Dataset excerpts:
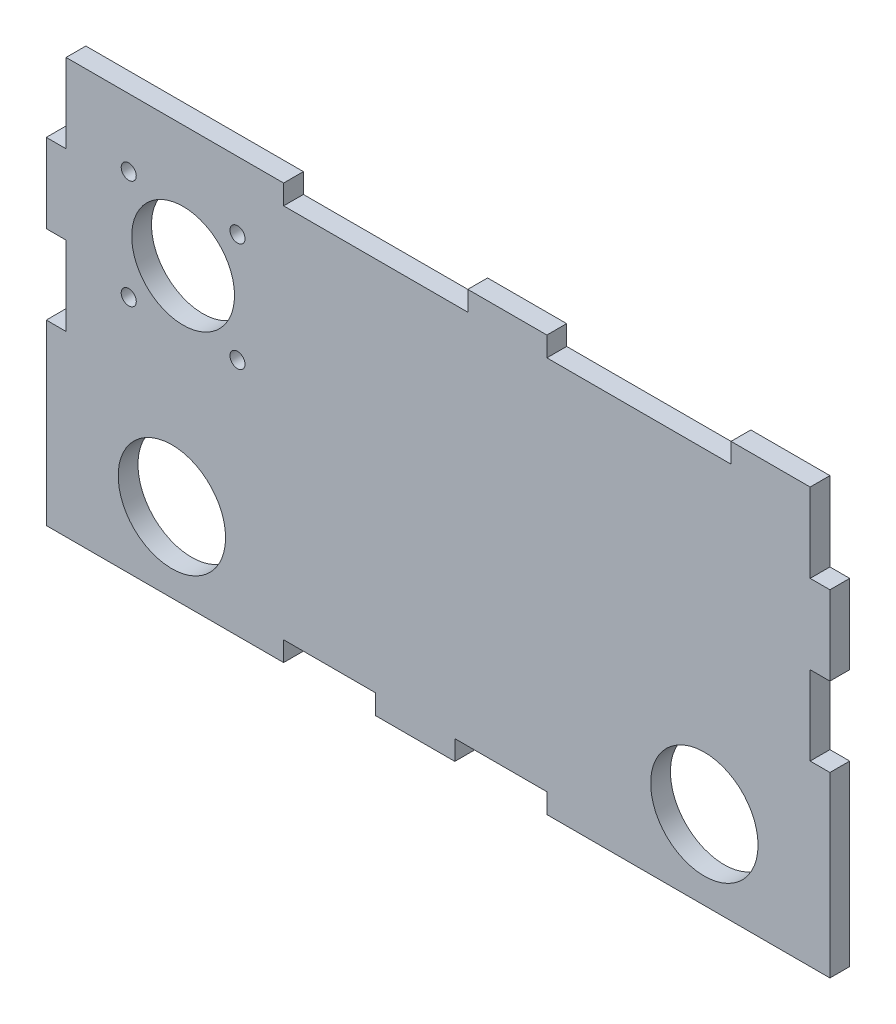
ISO-10303-21;
HEADER;
FILE_DESCRIPTION(('STEP AP214'),'2;1');
FILE_NAME('part.step','',(''),(''),'','','');
FILE_SCHEMA(('AUTOMOTIVE_DESIGN { 1 0 10303 214 1 1 1 1 }'));
ENDSEC;
DATA;
#1=APPLICATION_CONTEXT('core data for automotive mechanical design processes');
#2=APPLICATION_PROTOCOL_DEFINITION('international standard','automotive_design',2000,#1);
#3=PRODUCT_CONTEXT('',#1,'mechanical');
#4=PRODUCT('Part','Part','',(#3));
#5=PRODUCT_RELATED_PRODUCT_CATEGORY('part','',(#4));
#6=PRODUCT_DEFINITION_FORMATION('','',#4);
#7=PRODUCT_DEFINITION_CONTEXT('part definition',#1,'design');
#8=PRODUCT_DEFINITION('design','',#6,#7);
#9=PRODUCT_DEFINITION_SHAPE('','',#8);
#10=(LENGTH_UNIT() NAMED_UNIT(*) SI_UNIT(.MILLI.,.METRE.));
#11=(NAMED_UNIT(*) PLANE_ANGLE_UNIT() SI_UNIT($,.RADIAN.));
#12=(NAMED_UNIT(*) SI_UNIT($,.STERADIAN.) SOLID_ANGLE_UNIT());
#13=UNCERTAINTY_MEASURE_WITH_UNIT(LENGTH_MEASURE(1.E-05),#10,'distance_accuracy_value','');
#14=(GEOMETRIC_REPRESENTATION_CONTEXT(3) GLOBAL_UNCERTAINTY_ASSIGNED_CONTEXT((#13)) GLOBAL_UNIT_ASSIGNED_CONTEXT((#10,
#11,#12)) REPRESENTATION_CONTEXT('',''));
#15=CARTESIAN_POINT('',(0.,0.,0.));
#16=DIRECTION('',(0.,0.,1.));
#17=DIRECTION('',(1.,0.,0.));
#18=AXIS2_PLACEMENT_3D('',#15,#16,#17);
#19=CARTESIAN_POINT('',(0.,0.,5.));
#20=DIRECTION('',(0.,0.,1.));
#21=DIRECTION('',(1.,0.,0.));
#22=AXIS2_PLACEMENT_3D('',#19,#20,#21);
#23=PLANE('',#22);
#24=CARTESIAN_POINT('',(48.3397721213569,87.9243313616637,5.));
#25=DIRECTION('',(0.,0.,1.));
#26=DIRECTION('',(1.,0.,0.));
#27=AXIS2_PLACEMENT_3D('',#24,#25,#26);
#28=CIRCLE('',#27,1.90500000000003);
#29=CARTESIAN_POINT('',(50.2447721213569,87.9243313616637,5.));
#30=VERTEX_POINT('',#29);
#31=EDGE_CURVE('E569',#30,#30,#28,.T.);
#32=ORIENTED_EDGE('',*,*,#31,.F.);
#33=EDGE_LOOP('',(#32));
#34=FACE_BOUND('',#33,.T.);
#35=CARTESIAN_POINT('',(20.8422278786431,60.42678711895,5.));
#36=DIRECTION('',(0.,0.,1.));
#37=DIRECTION('',(1.,0.,0.));
#38=AXIS2_PLACEMENT_3D('',#35,#36,#37);
#39=CIRCLE('',#38,1.90500000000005);
#40=CARTESIAN_POINT('',(22.7472278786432,60.42678711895,5.));
#41=VERTEX_POINT('',#40);
#42=EDGE_CURVE('E581',#41,#41,#39,.T.);
#43=ORIENTED_EDGE('',*,*,#42,.F.);
#44=EDGE_LOOP('',(#43));
#45=FACE_BOUND('',#44,.T.);
#46=CARTESIAN_POINT('',(166.37,20.,5.));
#47=DIRECTION('',(0.,0.,1.));
#48=DIRECTION('',(1.,0.,0.));
#49=AXIS2_PLACEMENT_3D('',#46,#47,#48);
#50=CIRCLE('',#49,13.575);
#51=CARTESIAN_POINT('',(179.945,20.,5.));
#52=VERTEX_POINT('',#51);
#53=EDGE_CURVE('E593',#52,#52,#50,.T.);
#54=ORIENTED_EDGE('',*,*,#53,.F.);
#55=EDGE_LOOP('',(#54));
#56=FACE_BOUND('',#55,.T.);
#57=DIRECTION('',(1.,0.,0.));
#58=VECTOR('',#57,1.);
#59=CARTESIAN_POINT('',(0.,0.,5.));
#60=LINE('',#59,#58);
#61=CARTESIAN_POINT('',(0.,0.,5.));
#62=VERTEX_POINT('',#61);
#63=CARTESIAN_POINT('',(60.,0.,5.));
#64=VERTEX_POINT('',#63);
#65=EDGE_CURVE('E343',#62,#64,#60,.T.);
#66=ORIENTED_EDGE('',*,*,#65,.T.);
#67=DIRECTION('',(0.,1.,0.));
#68=VECTOR('',#67,1.);
#69=CARTESIAN_POINT('',(60.,0.,5.));
#70=LINE('',#69,#68);
#71=CARTESIAN_POINT('',(60.,5.,5.));
#72=VERTEX_POINT('',#71);
#73=EDGE_CURVE('E171',#64,#72,#70,.T.);
#74=ORIENTED_EDGE('',*,*,#73,.T.);
#75=DIRECTION('',(1.,0.,0.));
#76=VECTOR('',#75,1.);
#77=CARTESIAN_POINT('',(60.,5.,5.));
#78=LINE('',#77,#76);
#79=CARTESIAN_POINT('',(83.28,5.,5.));
#80=VERTEX_POINT('',#79);
#81=EDGE_CURVE('E430',#72,#80,#78,.T.);
#82=ORIENTED_EDGE('',*,*,#81,.T.);
#83=DIRECTION('',(0.,-1.,0.));
#84=VECTOR('',#83,1.);
#85=CARTESIAN_POINT('',(83.28,5.,5.));
#86=LINE('',#85,#84);
#87=CARTESIAN_POINT('',(83.28,0.,5.));
#88=VERTEX_POINT('',#87);
#89=EDGE_CURVE('E449',#80,#88,#86,.T.);
#90=ORIENTED_EDGE('',*,*,#89,.T.);
#91=DIRECTION('',(1.,0.,0.));
#92=VECTOR('',#91,1.);
#93=CARTESIAN_POINT('',(83.28,0.,5.));
#94=LINE('',#93,#92);
#95=CARTESIAN_POINT('',(103.28,0.,5.));
#96=VERTEX_POINT('',#95);
#97=EDGE_CURVE('E446',#88,#96,#94,.T.);
#98=ORIENTED_EDGE('',*,*,#97,.T.);
#99=DIRECTION('',(0.,1.,0.));
#100=VECTOR('',#99,1.);
#101=CARTESIAN_POINT('',(103.28,0.,5.));
#102=LINE('',#101,#100);
#103=CARTESIAN_POINT('',(103.28,5.,5.));
#104=VERTEX_POINT('',#103);
#105=EDGE_CURVE('E448',#96,#104,#102,.T.);
#106=ORIENTED_EDGE('',*,*,#105,.T.);
#107=DIRECTION('',(1.,0.,0.));
#108=VECTOR('',#107,1.);
#109=CARTESIAN_POINT('',(103.28,5.,5.));
#110=LINE('',#109,#108);
#111=CARTESIAN_POINT('',(126.56,5.,5.));
#112=VERTEX_POINT('',#111);
#113=EDGE_CURVE('E451',#104,#112,#110,.T.);
#114=ORIENTED_EDGE('',*,*,#113,.T.);
#115=DIRECTION('',(0.,-1.,0.));
#116=VECTOR('',#115,1.);
#117=CARTESIAN_POINT('',(126.56,5.,5.));
#118=LINE('',#117,#116);
#119=CARTESIAN_POINT('',(126.56,0.,5.));
#120=VERTEX_POINT('',#119);
#121=EDGE_CURVE('E457',#112,#120,#118,.T.);
#122=ORIENTED_EDGE('',*,*,#121,.T.);
#123=DIRECTION('',(1.,0.,0.));
#124=VECTOR('',#123,1.);
#125=CARTESIAN_POINT('',(126.56,0.,5.));
#126=LINE('',#125,#124);
#127=CARTESIAN_POINT('',(198.12,0.,5.));
#128=VERTEX_POINT('',#127);
#129=EDGE_CURVE('E459',#120,#128,#126,.T.);
#130=ORIENTED_EDGE('',*,*,#129,.T.);
#131=DIRECTION('',(0.,1.,0.));
#132=VECTOR('',#131,1.);
#133=CARTESIAN_POINT('',(198.12,45.,5.));
#134=LINE('',#133,#132);
#135=CARTESIAN_POINT('',(198.12,45.,5.));
#136=VERTEX_POINT('',#135);
#137=EDGE_CURVE('E461',#128,#136,#134,.T.);
#138=ORIENTED_EDGE('',*,*,#137,.T.);
#139=DIRECTION('',(-1.,0.,0.));
#140=VECTOR('',#139,1.);
#141=CARTESIAN_POINT('',(193.12,45.,5.));
#142=LINE('',#141,#140);
#143=CARTESIAN_POINT('',(193.12,45.,5.));
#144=VERTEX_POINT('',#143);
#145=EDGE_CURVE('E463',#136,#144,#142,.T.);
#146=ORIENTED_EDGE('',*,*,#145,.T.);
#147=DIRECTION('',(0.,1.,0.));
#148=VECTOR('',#147,1.);
#149=CARTESIAN_POINT('',(193.12,65.,5.));
#150=LINE('',#149,#148);
#151=CARTESIAN_POINT('',(193.12,65.,5.));
#152=VERTEX_POINT('',#151);
#153=EDGE_CURVE('E465',#144,#152,#150,.T.);
#154=ORIENTED_EDGE('',*,*,#153,.T.);
#155=DIRECTION('',(1.,0.,0.));
#156=VECTOR('',#155,1.);
#157=CARTESIAN_POINT('',(198.12,65.,5.));
#158=LINE('',#157,#156);
#159=CARTESIAN_POINT('',(198.12,65.,5.));
#160=VERTEX_POINT('',#159);
#161=EDGE_CURVE('E467',#152,#160,#158,.T.);
#162=ORIENTED_EDGE('',*,*,#161,.T.);
#163=DIRECTION('',(0.,1.,0.));
#164=VECTOR('',#163,1.);
#165=CARTESIAN_POINT('',(198.12,85.,5.));
#166=LINE('',#165,#164);
#167=CARTESIAN_POINT('',(198.12,85.,5.));
#168=VERTEX_POINT('',#167);
#169=EDGE_CURVE('E469',#160,#168,#166,.T.);
#170=ORIENTED_EDGE('',*,*,#169,.T.);
#171=DIRECTION('',(-1.,0.,0.));
#172=VECTOR('',#171,1.);
#173=CARTESIAN_POINT('',(193.12,85.,5.));
#174=LINE('',#173,#172);
#175=CARTESIAN_POINT('',(193.12,85.,5.));
#176=VERTEX_POINT('',#175);
#177=EDGE_CURVE('E471',#168,#176,#174,.T.);
#178=ORIENTED_EDGE('',*,*,#177,.T.);
#179=DIRECTION('',(0.,1.,0.));
#180=VECTOR('',#179,1.);
#181=CARTESIAN_POINT('',(193.12,105.,5.));
#182=LINE('',#181,#180);
#183=CARTESIAN_POINT('',(193.12,105.,5.));
#184=VERTEX_POINT('',#183);
#185=EDGE_CURVE('E473',#176,#184,#182,.T.);
#186=ORIENTED_EDGE('',*,*,#185,.T.);
#187=DIRECTION('',(-1.,0.,0.));
#188=VECTOR('',#187,1.);
#189=CARTESIAN_POINT('',(173.12,105.,5.));
#190=LINE('',#189,#188);
#191=CARTESIAN_POINT('',(173.12,105.,5.));
#192=VERTEX_POINT('',#191);
#193=EDGE_CURVE('E475',#184,#192,#190,.T.);
#194=ORIENTED_EDGE('',*,*,#193,.T.);
#195=DIRECTION('',(0.,-1.,0.));
#196=VECTOR('',#195,1.);
#197=CARTESIAN_POINT('',(173.12,100.,5.));
#198=LINE('',#197,#196);
#199=CARTESIAN_POINT('',(173.12,100.,5.));
#200=VERTEX_POINT('',#199);
#201=EDGE_CURVE('E477',#192,#200,#198,.T.);
#202=ORIENTED_EDGE('',*,*,#201,.T.);
#203=DIRECTION('',(-1.,0.,0.));
#204=VECTOR('',#203,1.);
#205=CARTESIAN_POINT('',(126.56,100.,5.));
#206=LINE('',#205,#204);
#207=CARTESIAN_POINT('',(126.56,100.,5.));
#208=VERTEX_POINT('',#207);
#209=EDGE_CURVE('E479',#200,#208,#206,.T.);
#210=ORIENTED_EDGE('',*,*,#209,.T.);
#211=DIRECTION('',(0.,1.,0.));
#212=VECTOR('',#211,1.);
#213=CARTESIAN_POINT('',(126.56,105.,5.));
#214=LINE('',#213,#212);
#215=CARTESIAN_POINT('',(126.56,105.,5.));
#216=VERTEX_POINT('',#215);
#217=EDGE_CURVE('E481',#208,#216,#214,.T.);
#218=ORIENTED_EDGE('',*,*,#217,.T.);
#219=DIRECTION('',(-1.,0.,0.));
#220=VECTOR('',#219,1.);
#221=CARTESIAN_POINT('',(106.56,105.,5.));
#222=LINE('',#221,#220);
#223=CARTESIAN_POINT('',(106.56,105.,5.));
#224=VERTEX_POINT('',#223);
#225=EDGE_CURVE('E483',#216,#224,#222,.T.);
#226=ORIENTED_EDGE('',*,*,#225,.T.);
#227=DIRECTION('',(0.,-1.,0.));
#228=VECTOR('',#227,1.);
#229=CARTESIAN_POINT('',(106.56,100.,5.));
#230=LINE('',#229,#228);
#231=CARTESIAN_POINT('',(106.56,100.,5.));
#232=VERTEX_POINT('',#231);
#233=EDGE_CURVE('E485',#224,#232,#230,.T.);
#234=ORIENTED_EDGE('',*,*,#233,.T.);
#235=DIRECTION('',(-1.,0.,0.));
#236=VECTOR('',#235,1.);
#237=CARTESIAN_POINT('',(60.,100.,5.));
#238=LINE('',#237,#236);
#239=CARTESIAN_POINT('',(60.,100.,5.));
#240=VERTEX_POINT('',#239);
#241=EDGE_CURVE('E487',#232,#240,#238,.T.);
#242=ORIENTED_EDGE('',*,*,#241,.T.);
#243=DIRECTION('',(0.,1.,0.));
#244=VECTOR('',#243,1.);
#245=CARTESIAN_POINT('',(60.,105.,5.));
#246=LINE('',#245,#244);
#247=CARTESIAN_POINT('',(60.,105.,5.));
#248=VERTEX_POINT('',#247);
#249=EDGE_CURVE('E489',#240,#248,#246,.T.);
#250=ORIENTED_EDGE('',*,*,#249,.T.);
#251=DIRECTION('',(-1.,0.,0.));
#252=VECTOR('',#251,1.);
#253=CARTESIAN_POINT('',(5.,105.,5.));
#254=LINE('',#253,#252);
#255=CARTESIAN_POINT('',(5.,105.,5.));
#256=VERTEX_POINT('',#255);
#257=EDGE_CURVE('E491',#248,#256,#254,.T.);
#258=ORIENTED_EDGE('',*,*,#257,.T.);
#259=DIRECTION('',(0.,-1.,0.));
#260=VECTOR('',#259,1.);
#261=CARTESIAN_POINT('',(5.,85.,5.));
#262=LINE('',#261,#260);
#263=CARTESIAN_POINT('',(5.,85.,5.));
#264=VERTEX_POINT('',#263);
#265=EDGE_CURVE('E493',#256,#264,#262,.T.);
#266=ORIENTED_EDGE('',*,*,#265,.T.);
#267=DIRECTION('',(-1.,0.,0.));
#268=VECTOR('',#267,1.);
#269=CARTESIAN_POINT('',(0.,85.,5.));
#270=LINE('',#269,#268);
#271=CARTESIAN_POINT('',(0.,85.,5.));
#272=VERTEX_POINT('',#271);
#273=EDGE_CURVE('E495',#264,#272,#270,.T.);
#274=ORIENTED_EDGE('',*,*,#273,.T.);
#275=DIRECTION('',(0.,-1.,0.));
#276=VECTOR('',#275,1.);
#277=CARTESIAN_POINT('',(0.,65.,5.));
#278=LINE('',#277,#276);
#279=CARTESIAN_POINT('',(0.,65.,5.));
#280=VERTEX_POINT('',#279);
#281=EDGE_CURVE('E497',#272,#280,#278,.T.);
#282=ORIENTED_EDGE('',*,*,#281,.T.);
#283=DIRECTION('',(1.,0.,0.));
#284=VECTOR('',#283,1.);
#285=CARTESIAN_POINT('',(5.,65.,5.));
#286=LINE('',#285,#284);
#287=CARTESIAN_POINT('',(5.,65.,5.));
#288=VERTEX_POINT('',#287);
#289=EDGE_CURVE('E262',#280,#288,#286,.T.);
#290=ORIENTED_EDGE('',*,*,#289,.T.);
#291=DIRECTION('',(0.,-1.,0.));
#292=VECTOR('',#291,1.);
#293=CARTESIAN_POINT('',(5.,45.,5.));
#294=LINE('',#293,#292);
#295=CARTESIAN_POINT('',(5.,45.,5.));
#296=VERTEX_POINT('',#295);
#297=EDGE_CURVE('E256',#288,#296,#294,.T.);
#298=ORIENTED_EDGE('',*,*,#297,.T.);
#299=DIRECTION('',(-1.,0.,0.));
#300=VECTOR('',#299,1.);
#301=CARTESIAN_POINT('',(0.,45.,5.));
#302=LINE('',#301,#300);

WHAT NEEDS TO BE DONE:
Scan the records above for the lines holding "#91=DIRECTION('',(1.,0.,0.));" and "#146=ORIENTED_EDGE('',*,*,#145,.T.);". Transcribe those two and every line between them word for word, and no others.

RESULT BELOW:
#91=DIRECTION('',(1.,0.,0.));
#92=VECTOR('',#91,1.);
#93=CARTESIAN_POINT('',(83.28,0.,5.));
#94=LINE('',#93,#92);
#95=CARTESIAN_POINT('',(103.28,0.,5.));
#96=VERTEX_POINT('',#95);
#97=EDGE_CURVE('E446',#88,#96,#94,.T.);
#98=ORIENTED_EDGE('',*,*,#97,.T.);
#99=DIRECTION('',(0.,1.,0.));
#100=VECTOR('',#99,1.);
#101=CARTESIAN_POINT('',(103.28,0.,5.));
#102=LINE('',#101,#100);
#103=CARTESIAN_POINT('',(103.28,5.,5.));
#104=VERTEX_POINT('',#103);
#105=EDGE_CURVE('E448',#96,#104,#102,.T.);
#106=ORIENTED_EDGE('',*,*,#105,.T.);
#107=DIRECTION('',(1.,0.,0.));
#108=VECTOR('',#107,1.);
#109=CARTESIAN_POINT('',(103.28,5.,5.));
#110=LINE('',#109,#108);
#111=CARTESIAN_POINT('',(126.56,5.,5.));
#112=VERTEX_POINT('',#111);
#113=EDGE_CURVE('E451',#104,#112,#110,.T.);
#114=ORIENTED_EDGE('',*,*,#113,.T.);
#115=DIRECTION('',(0.,-1.,0.));
#116=VECTOR('',#115,1.);
#117=CARTESIAN_POINT('',(126.56,5.,5.));
#118=LINE('',#117,#116);
#119=CARTESIAN_POINT('',(126.56,0.,5.));
#120=VERTEX_POINT('',#119);
#121=EDGE_CURVE('E457',#112,#120,#118,.T.);
#122=ORIENTED_EDGE('',*,*,#121,.T.);
#123=DIRECTION('',(1.,0.,0.));
#124=VECTOR('',#123,1.);
#125=CARTESIAN_POINT('',(126.56,0.,5.));
#126=LINE('',#125,#124);
#127=CARTESIAN_POINT('',(198.12,0.,5.));
#128=VERTEX_POINT('',#127);
#129=EDGE_CURVE('E459',#120,#128,#126,.T.);
#130=ORIENTED_EDGE('',*,*,#129,.T.);
#131=DIRECTION('',(0.,1.,0.));
#132=VECTOR('',#131,1.);
#133=CARTESIAN_POINT('',(198.12,45.,5.));
#134=LINE('',#133,#132);
#135=CARTESIAN_POINT('',(198.12,45.,5.));
#136=VERTEX_POINT('',#135);
#137=EDGE_CURVE('E461',#128,#136,#134,.T.);
#138=ORIENTED_EDGE('',*,*,#137,.T.);
#139=DIRECTION('',(-1.,0.,0.));
#140=VECTOR('',#139,1.);
#141=CARTESIAN_POINT('',(193.12,45.,5.));
#142=LINE('',#141,#140);
#143=CARTESIAN_POINT('',(193.12,45.,5.));
#144=VERTEX_POINT('',#143);
#145=EDGE_CURVE('E463',#136,#144,#142,.T.);
#146=ORIENTED_EDGE('',*,*,#145,.T.);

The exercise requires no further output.